Le Monde de l’Énergie —Qui sont les agriculteurs qui acceptent de devenir producteur d’énergie ? Quelle est l’acceptabilité de la méthanisation ? Est-elle souvent associée à la pose d’ombrières photovoltaïques ?

Roland CondorDes agriculteurs entrepreneurs, qui cherchent à trouver de nouveaux débouchés, pour éviter d’être dépendants d’une seule filière agricole. Exemple avec la production laitière : elle a connu des difficultés par le passé et c’est encore le cas aujourd’hui. Les agriculteurs qui entreprennent dans la méthanisation ont compris qu’il fallait diversifier le risque, pour disposer des revenus complémentaires réguliers et ainsi être plus résilient. La méthanisation permet également de faire des économies, notamment du niveau du chauffage de la ferme et en termes d’utilisation d’intrants.

L’acceptabilité reste problématique : les riverains voient d’un mauvais œil cette activité qu’ils perçoivent comme risquée, source de nuisances (olfactives, visuelles et auditives), et potentiellement source de dévalorisation du patrimoine. Des associations considèrent également que c’est une activité qui va dans le sens de l’agriculture productiviste : une agriculture business, faussement préoccupée par l’économie circulaire.

A notre connaissance, le « mix énergétique à la ferme » est peu développé mais il est cours de déploiement. Il se manifeste par la pose de panneaux photovoltaïques sur les bâtiments agricoles, à côté des unités de méthanisation. C’est ce que l’on voit en Normandie. Les ombrières ne sont pas communes dans cette région mais il se peut qu’elles se développent. La mobilisation de terres agricoles pour des ombrières reste problématique pour les agriculteurs : c’est la raison pour laquelle ils préfèrent utiliser les bâtiments.

Le Monde de l’Énergie —En quoi la méthanisation transforme-t-elle le modèle entrepreneurial d’une exploitation agricole ? Quel est son retour sur investissement ?

Roland CondorL’exploitation agricole se diversifie dans les énergies renouvelables. Ainsi, elle est moins dépendante de la production alimentaire et est plus résiliente. La méthanisation apporte de revenus complémentaires et stables ; elle permet également de diminuer les charges, notamment d’intrants, car l’agriculteur peut utiliser -voire vendre- le digestat qui est le déchet ultime de la méthanisation. Or, avec la guerre en Ukraine, le prix des engrais a fortement augmenté. Le retour sur investissement se fait théoriquement sur 7 ans mais cela est naturellement variable selon les projets.

Une étude est menée actuellement par l’EM Normandie : elle montre que la méthanisation agricole est intéressante d’un point de vue financier, mais on est loin de l’agrobusiness, tel que le suggèrent certaines associations militant contre la méthanisation. Il faut voir la méthanisation comme une source de résilience pour les exploitations agricoles, et donc comme un moyen de garder celles-ci sur un territoire. Il y a naturellement des abus qu’il faut réguler.

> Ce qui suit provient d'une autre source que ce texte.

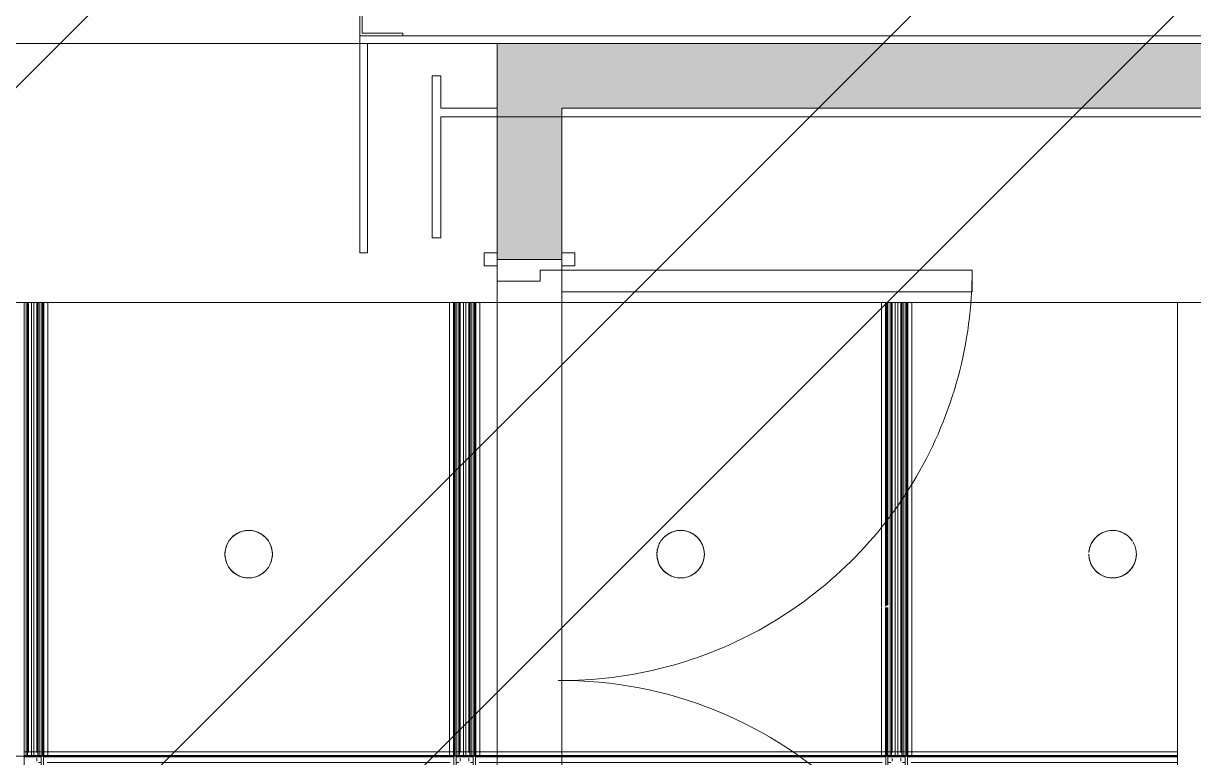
# Model space of a CAD drawing. Header units: millimetres. Extents: x -57519 to 497916, y -349472 to 446842.
# Drawn here: x 328881 to 331590, y 32679 to 34379 of the extents above; entities that cross this region are included whole.
import ezdxf

# ---------------------------------------------------------------- set-up
doc = ezdxf.new("R2010")
doc.units = ezdxf.units.MM
for name, color, linetype, lineweight in [('A-CLNG', 13, 'Continuous', 5), ('A-DETL-GENF', 92, 'Continuous', 5), ('A-DOOR', 31, 'Continuous', 5), ('A-DOOR-FRAM', 31, 'Continuous', 5), ('A-FLOR', 192, 'Continuous', 5), ('A-GENM', 13, 'Continuous', 5), ('A-GLAZ-CURT', 52, 'Continuous', 20), ('A-WALL', 113, 'Continuous', 20), ('A-WALL-PATT', 111, 'Continuous', 20), ('E-LITE-EQPM', 33, 'Continuous', 5)]:
    doc.layers.add(name, color=color, linetype=linetype, lineweight=lineweight)

# ---------------------------------------------------------------- blocks, each defined once
blk = doc.blocks.new('DLN_Face Base lighting-01 - 110mm _R_-V149-SITE COVERAGE')
at = {"layer": 'E-LITE-EQPM'}
for start, end in [(90, 180), (75, 105), (60, 87.8601), (135, 165), (105, 135), (60, 75), (15, 60), (45, 60), (15, 45), (165, 180), (180, 210), (180, 225), (0, 15), (0, 15), (345, 360), (345, 360), (330, 345), (330, 345), (210, 240), (225, 255), (240, 270), (255, 270), (270, 285), (272.1399, 285), (285, 315), (285, 300), (300, 315), (315, 330), (315, 330)]:
    blk.add_arc((0, 0), 55, start, end, dxfattribs=at)
blk = doc.blocks.new('DLN_Face Base lighting-01 - 110mm _R_-V151-SITE COVERAGE')
at = {"layer": 'E-LITE-EQPM'}
for start, end in [(60, 120), (0, 105), (120, 180), (150, 180), (135, 150), (120, 135), (105, 120), (15, 60), (180, 195), (180, 210), (270, 360), (0, 15), (345, 360), (195, 210), (330, 345), (210, 240), (210, 225), (225, 240), (240, 255), (240, 255), (255, 300), (255, 270), (300, 330)]:
    blk.add_arc((0, 0), 55, start, end, dxfattribs=at)
blk = doc.blocks.new('DLN_Face Base lighting-01 - 110mm _R_-V152-SITE COVERAGE')
at = {"layer": 'E-LITE-EQPM'}
for start, end in [(60, 120), (75, 105), (120, 180), (135, 180), (120, 135), (105, 120), (60, 75), (48.3785, 60), (45, 60), (15, 45), (15, 45), (180, 210), (180, 210), (0, 15), (0, 15), (270, 355.9938), (330, 345), (345, 355.9938), (213.411, 240), (213.411, 225), (225, 240), (240, 330), (240, 255), (255, 270)]:
    blk.add_arc((0, 0), 55, start, end, dxfattribs=at)
blk = doc.blocks.new('System Panel - C4 Expanded Metal Mesh-14365644-SITE COVERAGE')
at = {"layer": 'A-GLAZ-CURT', "lineweight": 5}
for p, q in [((82149.3, 33707.5), (82149.3, 33732.5)), ((82149.3, 33732.5), (82149.3, 33707.5)), ((82789.3, 33732.5), (82789.3, 33707.5)), ((82789.3, 33707.5), (82789.3, 33732.5)), ((82149.3, 33632.5), (82149.3, 33707.5)), ((82149.3, 33707.5), (82149.3, 33632.5)), ((82789.3, 33707.5), (82789.3, 33632.5)), ((82789.3, 33632.5), (82789.3, 33707.5)), ((82149.3, 32691), (82149.3, 33632.5)), ((82149.3, 33632.5), (82149.3, 32691)), ((82789.3, 33632.5), (82789.3, 32691)), ((82789.3, 32691), (82789.3, 33632.5)), ((82149.3, 32671), (82149.3, 32677.5)), ((82149.3, 32677.5), (82149.3, 32671)), ((82789.3, 32677.5), (82789.3, 32671)), ((82789.3, 32671), (82789.3, 32677.5)), ((82159.3, 32667.5), (82152.8, 32667.5)), ((82152.8, 32667.5), (82159.3, 32667.5)), ((82789.3, 32667.5), (82172.8, 32667.5)), ((82172.8, 32667.5), (82789.3, 32667.5))]:
    blk.add_line(p, q, dxfattribs=at)
for start, end in [(33.411, 175.9938), (105, 175.9938), (33.411, 105), (0, 30), (0, 30), (180, 0), (180, 330), (330, 0)]:
    blk.add_arc((82639.3, 33150), 55, start, end, dxfattribs=at)
blk = doc.blocks.new('System Panel - C4 Expanded Metal Mesh-V380-SITE COVERAGE')
at = {"layer": 'A-GLAZ-CURT', "lineweight": 5}
for p, q in [((78149.3, 33707.5), (78149.3, 33732.5)), ((78149.3, 33732.5), (78149.3, 33707.5)), ((79129.3, 33732.5), (79129.3, 33707.5)), ((79129.3, 33707.5), (79129.3, 33732.5)), ((78149.3, 33632.5), (78149.3, 33707.5)), ((78149.3, 33707.5), (78149.3, 33632.5)), ((79129.3, 33707.5), (79129.3, 33632.5)), ((79129.3, 33632.5), (79129.3, 33707.5)), ((78149.3, 32691), (78149.3, 33632.5)), ((78149.3, 33632.5), (78149.3, 32691)), ((79129.3, 33632.5), (79129.3, 32691)), ((79129.3, 32691), (79129.3, 33632.5)), ((78149.3, 32671), (78149.3, 32677.5)), ((78149.3, 32677.5), (78149.3, 32671)), ((79129.3, 32677.5), (79129.3, 32671)), ((79129.3, 32671), (79129.3, 32677.5)), ((78159.3, 32667.5), (78152.8, 32667.5)), ((78152.8, 32667.5), (78159.3, 32667.5)), ((79105.8, 32667.5), (78172.8, 32667.5)), ((78172.8, 32667.5), (79105.8, 32667.5)), ((79125.8, 32667.5), (79119.3, 32667.5)), ((79119.3, 32667.5), (79125.8, 32667.5))]:
    blk.add_line(p, q, dxfattribs=at)
for start, end in [(0, 180), (0, 180), (180, 0), (180, 0)]:
    blk.add_arc((78639.3, 33150), 55, start, end, dxfattribs=at)
blk = doc.blocks.new('System Panel - C4 Expanded Metal Mesh-V370-SITE COVERAGE')
at = {"layer": 'A-GLAZ-CURT', "lineweight": 5}
for p, q in [((69149.3, 33707.5), (69149.3, 33732.5)), ((69149.3, 33732.5), (69149.3, 33707.5)), ((70129.3, 33732.5), (70129.3, 33707.5)), ((70129.3, 33707.5), (70129.3, 33732.5)), ((69149.3, 33632.5), (69149.3, 33707.5)), ((69149.3, 33707.5), (69149.3, 33632.5)), ((70129.3, 33707.5), (70129.3, 33632.5)), ((70129.3, 33632.5), (70129.3, 33707.5)), ((69149.3, 32691), (69149.3, 33632.5)), ((69149.3, 33632.5), (69149.3, 32691)), ((70129.3, 33632.5), (70129.3, 32691)), ((70129.3, 32691), (70129.3, 33632.5)), ((69149.3, 32671), (69149.3, 32677.5)), ((69149.3, 32677.5), (69149.3, 32671)), ((70129.3, 32677.5), (70129.3, 32671)), ((70129.3, 32671), (70129.3, 32677.5)), ((69159.3, 32667.5), (69152.8, 32667.5)), ((69152.8, 32667.5), (69159.3, 32667.5)), ((70105.8, 32667.5), (69172.8, 32667.5)), ((69172.8, 32667.5), (70105.8, 32667.5)), ((70125.8, 32667.5), (70119.3, 32667.5)), ((70119.3, 32667.5), (70125.8, 32667.5))]:
    blk.add_line(p, q, dxfattribs=at)
for start, end in [(0, 180), (0, 180), (180, 0), (180, 0)]:
    blk.add_arc((69639.3, 33150), 55, start, end, dxfattribs=at)
blk = doc.blocks.new('Ceilings 8 - Ceilings 8-14169185-SITE COVERAGE')
at = {"layer": 'A-CLNG'}
for p, q in [((80119.3, 32682.5), (80119.3, 33732.5)), ((80119.3, 32682.5), (80119.3, 33732.5)), ((80124.3, 33732.5), (80124.3, 32691)), ((80124.3, 32691), (80124.3, 33732.5)), ((80127.3, 32691), (80127.3, 33732.5)), ((80127.3, 32691), (80127.3, 33732.5)), ((80129.3, 32691), (80129.3, 33732.5)), ((80129.3, 32691), (80129.3, 33732.5)), ((80136.3, 32691), (80136.3, 33732.5)), ((80136.3, 32691), (80136.3, 33732.5)), ((80142.3, 32691), (80142.3, 33732.5)), ((80142.3, 32691), (80142.3, 33732.5)), ((80149.3, 32691), (80149.3, 33732.5)), ((80149.3, 32691), (80149.3, 33732.5)), ((80151.3, 33732.5), (80151.3, 32691)), ((80151.3, 32691), (80151.3, 33732.5)), ((80154.3, 32691), (80154.3, 33732.5)), ((80154.3, 33707.5), (80154.3, 33732.5)), ((80159.3, 33732.5), (80159.3, 32682.5)), ((80159.3, 32682.5), (80159.3, 33732.5)), ((80162.3, 32691), (80162.3, 33732.5)), ((80164.3, 31677.5), (80164.3, 33732.5)), ((80164.3, 32682.5), (80164.3, 33732.5)), ((80164.3, 32691), (80164.3, 33732.5)), ((80164.3, 32691), (80164.3, 33732.5)), ((80165.3, 32691), (80165.3, 33732.5)), ((80174.3, 32682.5), (80174.3, 33732.5)), ((81104.3, 33732.5), (81104.3, 32682.5)), ((81113.3, 33732.5), (81113.3, 32691)), ((81114.3, 32682.5), (81114.3, 33732.5)), ((81114.3, 31677.5), (81114.3, 33732.5)), ((81114.3, 32691), (81114.3, 33732.5)), ((81114.3, 32691), (81114.3, 33732.5)), ((81116.3, 32691), (81116.3, 33732.5)), ((81119.3, 32682.5), (81119.3, 33732.5)), ((81119.3, 32682.5), (81119.3, 33732.5)), ((81124.3, 33732.5), (81124.3, 33708)), ((81124.3, 32691), (81124.3, 33732.5)), ((81127.3, 32691), (81127.3, 33732.5)), ((81127.3, 32691), (81127.3, 33732.5)), ((81129.3, 32691), (81129.3, 33732.5)), ((81129.3, 32691), (81129.3, 33732.5)), ((81136.3, 32691), (81136.3, 33732.5)), ((81136.3, 32691), (81136.3, 33732.5)), ((81142.3, 32691), (81142.3, 33732.5)), ((81142.3, 32691), (81142.3, 33732.5)), ((81149.3, 32691), (81149.3, 33732.5)), ((81149.3, 32691), (81149.3, 33732.5)), ((81151.3, 33732.5), (81151.3, 32691)), ((81151.3, 32691), (81151.3, 33732.5)), ((81154.3, 32691), (81154.3, 33732.5)), ((81154.3, 33707.5), (81154.3, 33732.5)), ((81159.3, 33732.5), (81159.3, 32682.5)), ((81159.3, 32682.5), (81159.3, 33732.5)), ((81162.3, 32691), (81162.3, 33732.5)), ((81164.3, 31677.5), (81164.3, 33732.5)), ((81164.3, 32682.5), (81164.3, 33732.5)), ((81164.3, 32691), (81164.3, 33732.5)), ((81164.3, 32691), (81164.3, 33732.5)), ((81165.3, 32691), (81165.3, 33732.5)), ((81174.3, 32682.5), (81174.3, 33732.5)), ((82104.3, 33732.5), (82104.3, 33027.7)), ((82113.3, 33732.5), (82113.3, 33030)), ((82114.3, 33030.3), (82114.3, 33732.5)), ((82114.3, 33030.3), (82114.3, 33732.5)), ((82114.3, 33030.3), (82114.3, 33732.5)), ((82114.3, 33030.3), (82114.3, 33732.5)), ((82116.3, 33030.8), (82116.3, 33732.5)), ((82119.3, 33031.6), (82119.3, 33732.5)), ((82119.3, 33031.6), (82119.3, 33732.5)), ((82124.3, 33732.5), (82124.3, 33708)), ((82124.3, 32691), (82124.3, 33732.5)), ((82127.3, 32691), (82127.3, 33732.5)), ((82127.3, 32691), (82127.3, 33732.5)), ((82129.3, 32691), (82129.3, 33732.5)), ((82129.3, 32691), (82129.3, 33732.5)), ((82136.3, 32691), (82136.3, 33732.5)), ((82136.3, 32691), (82136.3, 33732.5)), ((82142.3, 32691), (82142.3, 33732.5)), ((82142.3, 32691), (82142.3, 33732.5)), ((82149.3, 32691), (82149.3, 33732.5)), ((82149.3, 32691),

Le Monde de l’Énergie —Quel est le potentiel dormant de la France en matière de biogaz agricole ? Quels leviers faudrait-il activer pour l’exploiter ?

Roland CondorD’après l’ADEME, le potentiel du biométhane est tel qu’on pourrait atteindre près de 20% de biométhane dans le réseau gazier français, ce qui permettrait d’assurer notre souveraineté en matière d’approvisionnement en gaz. Récemment, dans le cadre des appels d’offres pour la création d’unités de méthanisation, l’Etat a valorisé la vente de biogaz en confirmant une contractualisation sur 15 ans, et en proposant un système de certificats de production de biogaz.

Il faut cependant lever tous les verrous d’acceptabilité, d’autant que si le nombre d’unités augmente, la fronde risque de se structurer à l’échelle du pays. Il faut également favoriser les projets qui sont dans une logique d’économie circulaire et faire connaître leurs bénéfices environnementaux, économiques et sociaux.

Roland Condor

Enseignant chercheur à l'EM Normandie, spécialiste de l'agriculture et de l'évolution de ses modèles entrepreneuriaux.